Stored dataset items
+===+
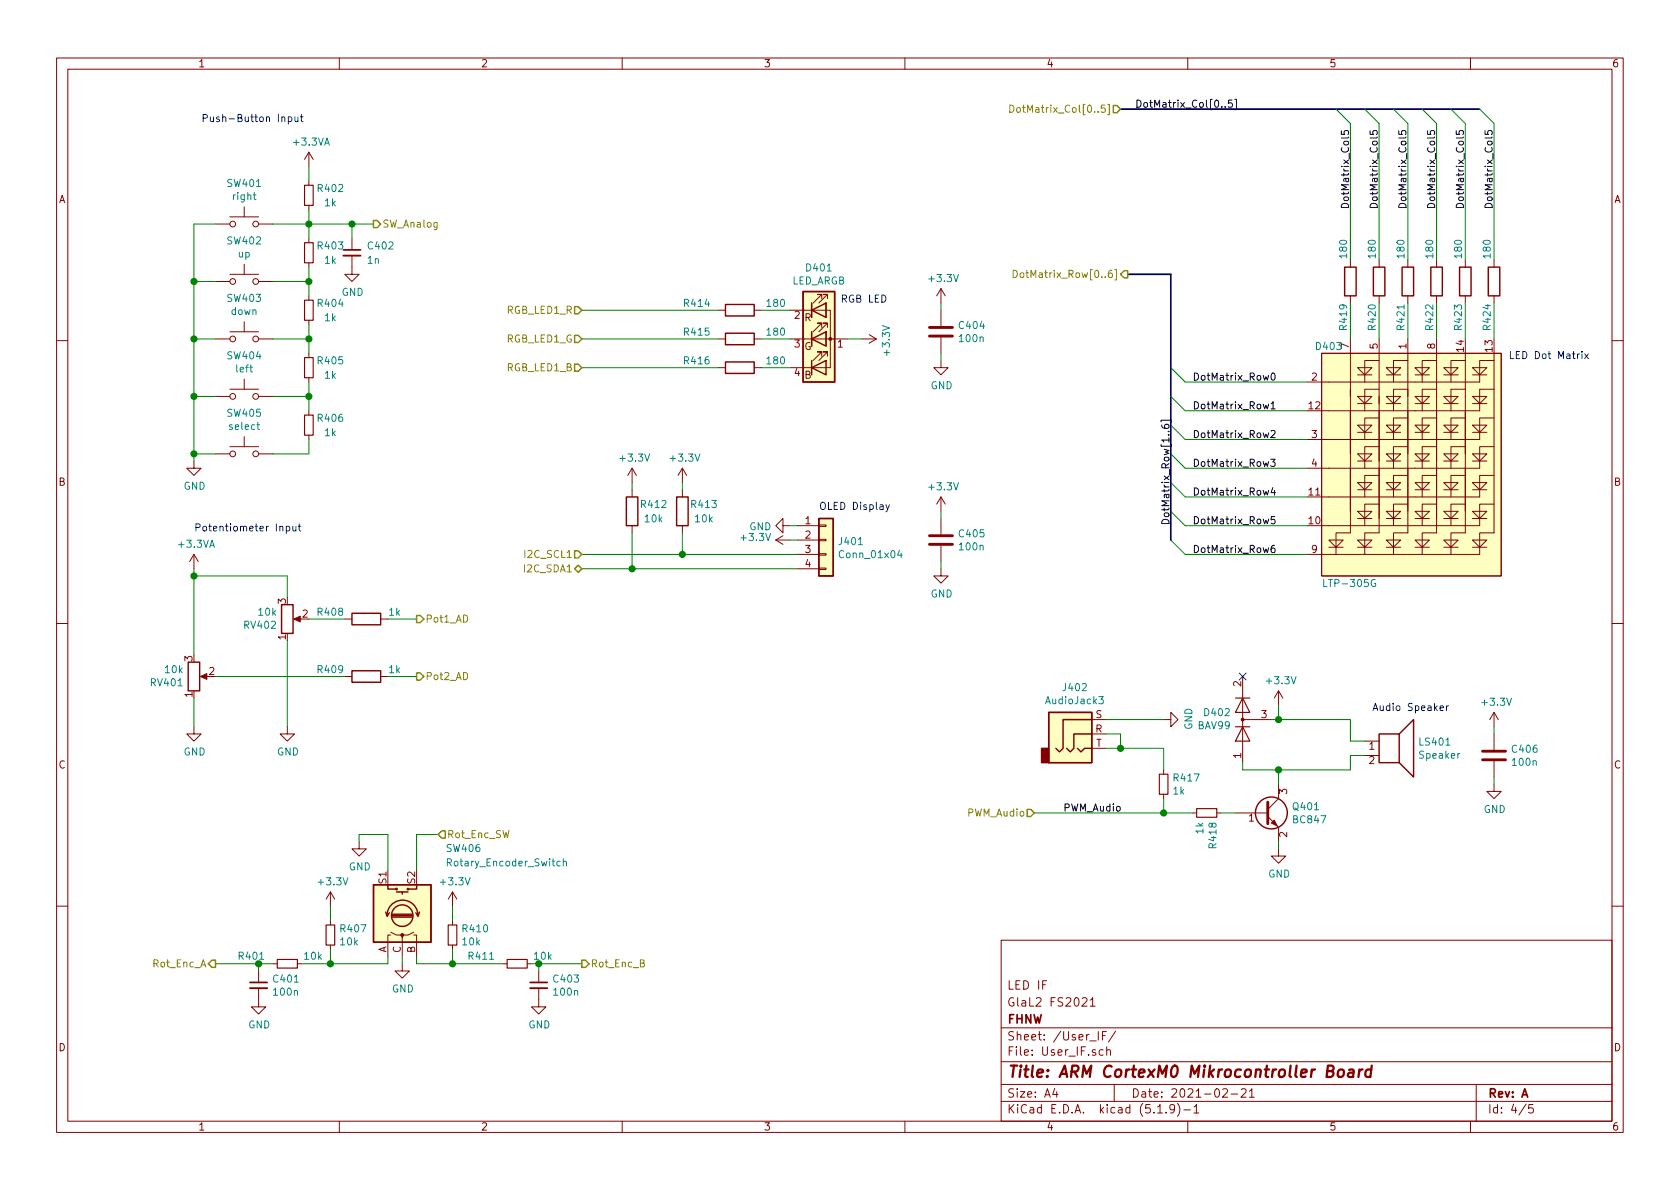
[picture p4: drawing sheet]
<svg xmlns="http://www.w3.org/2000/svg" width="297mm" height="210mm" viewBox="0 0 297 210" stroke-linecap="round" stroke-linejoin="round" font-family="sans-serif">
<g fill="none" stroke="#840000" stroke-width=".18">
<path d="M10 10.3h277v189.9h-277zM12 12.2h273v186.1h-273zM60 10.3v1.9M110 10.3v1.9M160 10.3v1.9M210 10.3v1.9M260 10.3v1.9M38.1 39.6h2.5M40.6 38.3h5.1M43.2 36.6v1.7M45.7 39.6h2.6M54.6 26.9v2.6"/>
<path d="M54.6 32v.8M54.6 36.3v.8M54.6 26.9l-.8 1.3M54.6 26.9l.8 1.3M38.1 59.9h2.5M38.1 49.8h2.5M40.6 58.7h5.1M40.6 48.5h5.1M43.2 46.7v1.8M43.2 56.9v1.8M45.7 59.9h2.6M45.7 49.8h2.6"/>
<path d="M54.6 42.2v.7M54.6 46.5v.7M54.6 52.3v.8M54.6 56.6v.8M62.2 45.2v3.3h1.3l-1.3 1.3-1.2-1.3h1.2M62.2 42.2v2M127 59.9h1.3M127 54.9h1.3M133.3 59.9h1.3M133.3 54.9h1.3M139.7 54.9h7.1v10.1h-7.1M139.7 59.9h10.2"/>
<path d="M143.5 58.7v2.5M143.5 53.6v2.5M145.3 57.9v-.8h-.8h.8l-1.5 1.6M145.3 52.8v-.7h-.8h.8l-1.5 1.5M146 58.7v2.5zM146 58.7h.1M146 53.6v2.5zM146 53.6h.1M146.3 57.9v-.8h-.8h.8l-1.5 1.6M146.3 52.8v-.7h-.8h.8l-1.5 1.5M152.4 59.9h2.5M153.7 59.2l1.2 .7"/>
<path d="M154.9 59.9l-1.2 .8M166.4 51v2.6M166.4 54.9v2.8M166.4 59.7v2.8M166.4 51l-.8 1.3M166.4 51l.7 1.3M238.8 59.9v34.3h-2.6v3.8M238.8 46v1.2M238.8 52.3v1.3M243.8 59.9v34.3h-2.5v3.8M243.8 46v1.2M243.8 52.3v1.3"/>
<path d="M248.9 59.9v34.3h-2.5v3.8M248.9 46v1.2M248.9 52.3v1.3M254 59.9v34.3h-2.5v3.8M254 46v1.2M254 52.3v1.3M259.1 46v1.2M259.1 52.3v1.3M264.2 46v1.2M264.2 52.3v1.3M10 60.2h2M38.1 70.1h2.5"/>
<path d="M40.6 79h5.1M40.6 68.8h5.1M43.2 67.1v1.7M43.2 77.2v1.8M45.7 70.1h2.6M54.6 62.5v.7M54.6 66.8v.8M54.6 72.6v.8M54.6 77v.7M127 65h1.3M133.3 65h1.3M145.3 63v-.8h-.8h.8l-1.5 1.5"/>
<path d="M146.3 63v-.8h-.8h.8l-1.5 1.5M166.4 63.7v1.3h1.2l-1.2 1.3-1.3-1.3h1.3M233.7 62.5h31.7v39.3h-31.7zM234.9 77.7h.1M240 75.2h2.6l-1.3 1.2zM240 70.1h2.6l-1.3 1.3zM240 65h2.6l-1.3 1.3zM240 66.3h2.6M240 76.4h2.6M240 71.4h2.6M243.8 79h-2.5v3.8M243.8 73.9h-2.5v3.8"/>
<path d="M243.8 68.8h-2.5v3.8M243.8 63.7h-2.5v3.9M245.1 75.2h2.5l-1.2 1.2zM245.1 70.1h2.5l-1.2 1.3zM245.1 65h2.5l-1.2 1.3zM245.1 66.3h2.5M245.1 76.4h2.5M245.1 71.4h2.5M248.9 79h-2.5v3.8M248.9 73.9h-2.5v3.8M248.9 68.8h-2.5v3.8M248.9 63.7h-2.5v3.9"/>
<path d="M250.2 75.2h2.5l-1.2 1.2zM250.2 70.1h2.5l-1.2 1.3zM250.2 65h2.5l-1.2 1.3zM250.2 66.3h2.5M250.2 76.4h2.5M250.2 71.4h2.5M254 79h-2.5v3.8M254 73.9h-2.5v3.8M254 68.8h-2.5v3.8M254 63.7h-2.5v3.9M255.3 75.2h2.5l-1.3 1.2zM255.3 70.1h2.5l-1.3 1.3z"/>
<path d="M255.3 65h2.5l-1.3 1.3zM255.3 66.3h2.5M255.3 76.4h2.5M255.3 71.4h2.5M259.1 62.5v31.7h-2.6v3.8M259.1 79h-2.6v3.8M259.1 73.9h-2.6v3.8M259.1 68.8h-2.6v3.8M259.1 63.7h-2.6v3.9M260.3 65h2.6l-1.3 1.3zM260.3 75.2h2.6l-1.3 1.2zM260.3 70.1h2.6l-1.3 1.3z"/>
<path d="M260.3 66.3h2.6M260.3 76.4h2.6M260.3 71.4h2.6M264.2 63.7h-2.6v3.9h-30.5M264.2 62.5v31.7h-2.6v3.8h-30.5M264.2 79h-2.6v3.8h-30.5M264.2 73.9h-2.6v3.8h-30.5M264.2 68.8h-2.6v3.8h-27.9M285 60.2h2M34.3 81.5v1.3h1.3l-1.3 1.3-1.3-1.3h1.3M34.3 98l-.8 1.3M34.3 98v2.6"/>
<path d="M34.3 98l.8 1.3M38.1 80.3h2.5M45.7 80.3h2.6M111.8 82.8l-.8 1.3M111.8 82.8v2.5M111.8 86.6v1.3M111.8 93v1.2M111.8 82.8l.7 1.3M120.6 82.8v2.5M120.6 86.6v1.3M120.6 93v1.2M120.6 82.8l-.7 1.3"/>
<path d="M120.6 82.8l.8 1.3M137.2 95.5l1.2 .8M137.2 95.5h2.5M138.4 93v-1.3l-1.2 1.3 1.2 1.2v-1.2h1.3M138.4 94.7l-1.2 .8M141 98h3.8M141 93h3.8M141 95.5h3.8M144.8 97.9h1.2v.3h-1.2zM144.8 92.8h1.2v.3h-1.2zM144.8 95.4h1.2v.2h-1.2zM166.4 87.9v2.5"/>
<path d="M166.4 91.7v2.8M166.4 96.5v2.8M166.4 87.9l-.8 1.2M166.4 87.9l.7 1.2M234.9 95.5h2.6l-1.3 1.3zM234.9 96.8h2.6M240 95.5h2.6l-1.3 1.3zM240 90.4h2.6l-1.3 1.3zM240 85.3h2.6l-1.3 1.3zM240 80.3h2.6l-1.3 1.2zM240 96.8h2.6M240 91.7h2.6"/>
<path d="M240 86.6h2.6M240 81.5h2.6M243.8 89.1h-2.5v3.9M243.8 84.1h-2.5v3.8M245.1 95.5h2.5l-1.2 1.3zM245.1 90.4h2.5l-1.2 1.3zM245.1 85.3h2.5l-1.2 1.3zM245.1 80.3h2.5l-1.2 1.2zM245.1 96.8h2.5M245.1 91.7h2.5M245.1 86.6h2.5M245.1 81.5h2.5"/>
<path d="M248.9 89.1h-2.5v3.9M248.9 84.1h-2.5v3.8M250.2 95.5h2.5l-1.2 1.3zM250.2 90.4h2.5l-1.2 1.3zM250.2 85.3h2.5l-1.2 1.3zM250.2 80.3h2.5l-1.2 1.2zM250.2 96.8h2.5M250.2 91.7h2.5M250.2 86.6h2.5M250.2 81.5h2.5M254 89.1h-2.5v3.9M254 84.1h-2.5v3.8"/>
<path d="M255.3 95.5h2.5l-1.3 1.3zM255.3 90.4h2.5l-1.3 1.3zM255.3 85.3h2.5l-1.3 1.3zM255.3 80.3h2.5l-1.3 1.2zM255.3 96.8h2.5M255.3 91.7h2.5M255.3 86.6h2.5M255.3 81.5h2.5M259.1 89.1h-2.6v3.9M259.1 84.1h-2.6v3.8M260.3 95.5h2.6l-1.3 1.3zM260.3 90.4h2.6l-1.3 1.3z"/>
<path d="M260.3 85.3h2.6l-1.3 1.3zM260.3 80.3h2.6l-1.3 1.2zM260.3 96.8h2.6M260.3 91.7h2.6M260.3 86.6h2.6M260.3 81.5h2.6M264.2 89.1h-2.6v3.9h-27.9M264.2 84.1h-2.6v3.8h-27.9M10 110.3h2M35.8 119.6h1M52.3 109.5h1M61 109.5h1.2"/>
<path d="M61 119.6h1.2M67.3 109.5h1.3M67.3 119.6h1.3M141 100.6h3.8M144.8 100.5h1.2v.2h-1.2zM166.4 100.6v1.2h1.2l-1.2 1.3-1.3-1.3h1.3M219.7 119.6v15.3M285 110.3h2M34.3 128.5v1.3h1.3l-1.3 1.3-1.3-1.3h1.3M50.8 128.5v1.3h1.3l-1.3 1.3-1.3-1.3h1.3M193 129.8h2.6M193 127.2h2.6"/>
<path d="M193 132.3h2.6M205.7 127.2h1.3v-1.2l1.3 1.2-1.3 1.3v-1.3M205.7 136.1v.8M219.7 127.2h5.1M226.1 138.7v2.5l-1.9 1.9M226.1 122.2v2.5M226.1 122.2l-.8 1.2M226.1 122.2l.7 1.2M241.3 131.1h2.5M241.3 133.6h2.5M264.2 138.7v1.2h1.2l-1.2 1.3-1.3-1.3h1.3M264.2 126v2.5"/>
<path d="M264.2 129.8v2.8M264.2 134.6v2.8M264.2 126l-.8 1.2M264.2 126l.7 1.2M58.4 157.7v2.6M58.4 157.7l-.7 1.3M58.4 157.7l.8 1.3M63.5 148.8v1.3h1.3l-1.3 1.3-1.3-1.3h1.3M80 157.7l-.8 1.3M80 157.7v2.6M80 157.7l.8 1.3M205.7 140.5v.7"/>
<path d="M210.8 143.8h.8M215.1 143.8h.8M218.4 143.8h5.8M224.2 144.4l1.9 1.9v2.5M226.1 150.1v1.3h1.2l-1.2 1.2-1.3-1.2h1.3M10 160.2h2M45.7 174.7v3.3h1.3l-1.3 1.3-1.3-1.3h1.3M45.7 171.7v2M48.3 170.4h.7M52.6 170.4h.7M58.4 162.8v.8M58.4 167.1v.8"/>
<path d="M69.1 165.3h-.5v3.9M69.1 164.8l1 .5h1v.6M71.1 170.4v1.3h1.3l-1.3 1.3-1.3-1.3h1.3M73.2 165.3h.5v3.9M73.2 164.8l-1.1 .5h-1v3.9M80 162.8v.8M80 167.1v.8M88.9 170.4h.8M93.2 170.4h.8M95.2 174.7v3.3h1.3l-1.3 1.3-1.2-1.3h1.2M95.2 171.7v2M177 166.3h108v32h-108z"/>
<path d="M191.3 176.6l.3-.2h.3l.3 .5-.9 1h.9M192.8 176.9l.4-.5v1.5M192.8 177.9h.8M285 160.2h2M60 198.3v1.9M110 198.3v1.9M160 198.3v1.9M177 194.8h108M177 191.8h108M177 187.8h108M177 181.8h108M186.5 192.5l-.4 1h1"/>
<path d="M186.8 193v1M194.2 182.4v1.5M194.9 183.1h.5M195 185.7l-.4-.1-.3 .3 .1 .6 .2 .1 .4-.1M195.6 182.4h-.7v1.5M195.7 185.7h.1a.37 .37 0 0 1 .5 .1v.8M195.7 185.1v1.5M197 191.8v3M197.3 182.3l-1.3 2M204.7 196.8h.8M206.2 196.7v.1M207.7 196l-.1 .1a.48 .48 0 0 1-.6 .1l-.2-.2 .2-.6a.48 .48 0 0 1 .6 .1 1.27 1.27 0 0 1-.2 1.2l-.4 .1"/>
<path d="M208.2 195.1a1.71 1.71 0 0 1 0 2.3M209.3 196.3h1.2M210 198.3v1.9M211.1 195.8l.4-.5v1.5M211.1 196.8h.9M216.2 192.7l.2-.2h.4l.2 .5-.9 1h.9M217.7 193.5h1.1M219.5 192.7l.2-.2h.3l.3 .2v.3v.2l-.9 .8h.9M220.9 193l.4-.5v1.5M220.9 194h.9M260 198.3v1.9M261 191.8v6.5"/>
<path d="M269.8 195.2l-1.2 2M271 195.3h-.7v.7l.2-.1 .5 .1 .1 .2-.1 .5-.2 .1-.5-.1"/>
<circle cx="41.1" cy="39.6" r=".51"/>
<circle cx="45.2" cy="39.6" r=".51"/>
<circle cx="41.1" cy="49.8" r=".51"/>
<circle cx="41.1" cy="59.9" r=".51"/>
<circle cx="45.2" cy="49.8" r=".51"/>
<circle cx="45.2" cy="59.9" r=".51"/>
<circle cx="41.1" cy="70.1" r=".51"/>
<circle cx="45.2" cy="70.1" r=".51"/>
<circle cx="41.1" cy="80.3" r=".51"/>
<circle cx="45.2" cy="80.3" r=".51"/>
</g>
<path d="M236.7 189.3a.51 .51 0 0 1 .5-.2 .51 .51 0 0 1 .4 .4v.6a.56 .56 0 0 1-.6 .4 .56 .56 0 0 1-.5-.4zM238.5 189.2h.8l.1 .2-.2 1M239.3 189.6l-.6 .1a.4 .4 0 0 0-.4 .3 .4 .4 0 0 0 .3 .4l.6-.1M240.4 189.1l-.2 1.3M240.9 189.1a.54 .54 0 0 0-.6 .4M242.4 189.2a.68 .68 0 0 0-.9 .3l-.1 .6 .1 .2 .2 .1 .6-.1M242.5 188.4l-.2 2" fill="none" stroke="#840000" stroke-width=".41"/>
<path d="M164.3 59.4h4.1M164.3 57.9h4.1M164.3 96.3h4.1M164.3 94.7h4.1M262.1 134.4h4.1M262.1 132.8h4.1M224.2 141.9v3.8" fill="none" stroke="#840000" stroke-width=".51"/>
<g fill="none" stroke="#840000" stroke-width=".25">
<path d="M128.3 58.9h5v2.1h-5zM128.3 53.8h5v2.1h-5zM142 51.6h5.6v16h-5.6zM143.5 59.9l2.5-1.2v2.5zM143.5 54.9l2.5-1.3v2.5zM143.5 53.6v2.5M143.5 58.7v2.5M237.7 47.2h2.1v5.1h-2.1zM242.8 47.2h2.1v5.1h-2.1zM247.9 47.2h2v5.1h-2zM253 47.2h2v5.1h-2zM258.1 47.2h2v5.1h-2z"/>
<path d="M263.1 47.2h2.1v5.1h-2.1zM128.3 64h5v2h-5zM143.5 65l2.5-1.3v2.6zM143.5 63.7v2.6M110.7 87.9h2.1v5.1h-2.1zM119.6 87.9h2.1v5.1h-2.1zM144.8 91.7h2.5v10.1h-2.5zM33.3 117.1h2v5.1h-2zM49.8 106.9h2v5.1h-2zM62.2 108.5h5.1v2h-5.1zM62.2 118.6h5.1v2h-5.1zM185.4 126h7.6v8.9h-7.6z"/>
+===+
Transcribe the records above from the line holding "66.3h2.6M260.3 76.4h2.6M260.3 71.4h2.6M264.2" down to the line holding "82.8l.8 1.3M137.2 95.5l1.2", inclusive, without adding anything.

### Response
<path d="M260.3 66.3h2.6M260.3 76.4h2.6M260.3 71.4h2.6M264.2 63.7h-2.6v3.9h-30.5M264.2 62.5v31.7h-2.6v3.8h-30.5M264.2 79h-2.6v3.8h-30.5M264.2 73.9h-2.6v3.8h-30.5M264.2 68.8h-2.6v3.8h-27.9M285 60.2h2M34.3 81.5v1.3h1.3l-1.3 1.3-1.3-1.3h1.3M34.3 98l-.8 1.3M34.3 98v2.6"/>
<path d="M34.3 98l.8 1.3M38.1 80.3h2.5M45.7 80.3h2.6M111.8 82.8l-.8 1.3M111.8 82.8v2.5M111.8 86.6v1.3M111.8 93v1.2M111.8 82.8l.7 1.3M120.6 82.8v2.5M120.6 86.6v1.3M120.6 93v1.2M120.6 82.8l-.7 1.3"/>
<path d="M120.6 82.8l.8 1.3M137.2 95.5l1.2 .8M137.2 95.5h2.5M138.4 93v-1.3l-1.2 1.3 1.2 1.2v-1.2h1.3M138.4 94.7l-1.2 .8M141 98h3.8M141 93h3.8M141 95.5h3.8M144.8 97.9h1.2v.3h-1.2zM144.8 92.8h1.2v.3h-1.2zM144.8 95.4h1.2v.2h-1.2zM166.4 87.9v2.5"/>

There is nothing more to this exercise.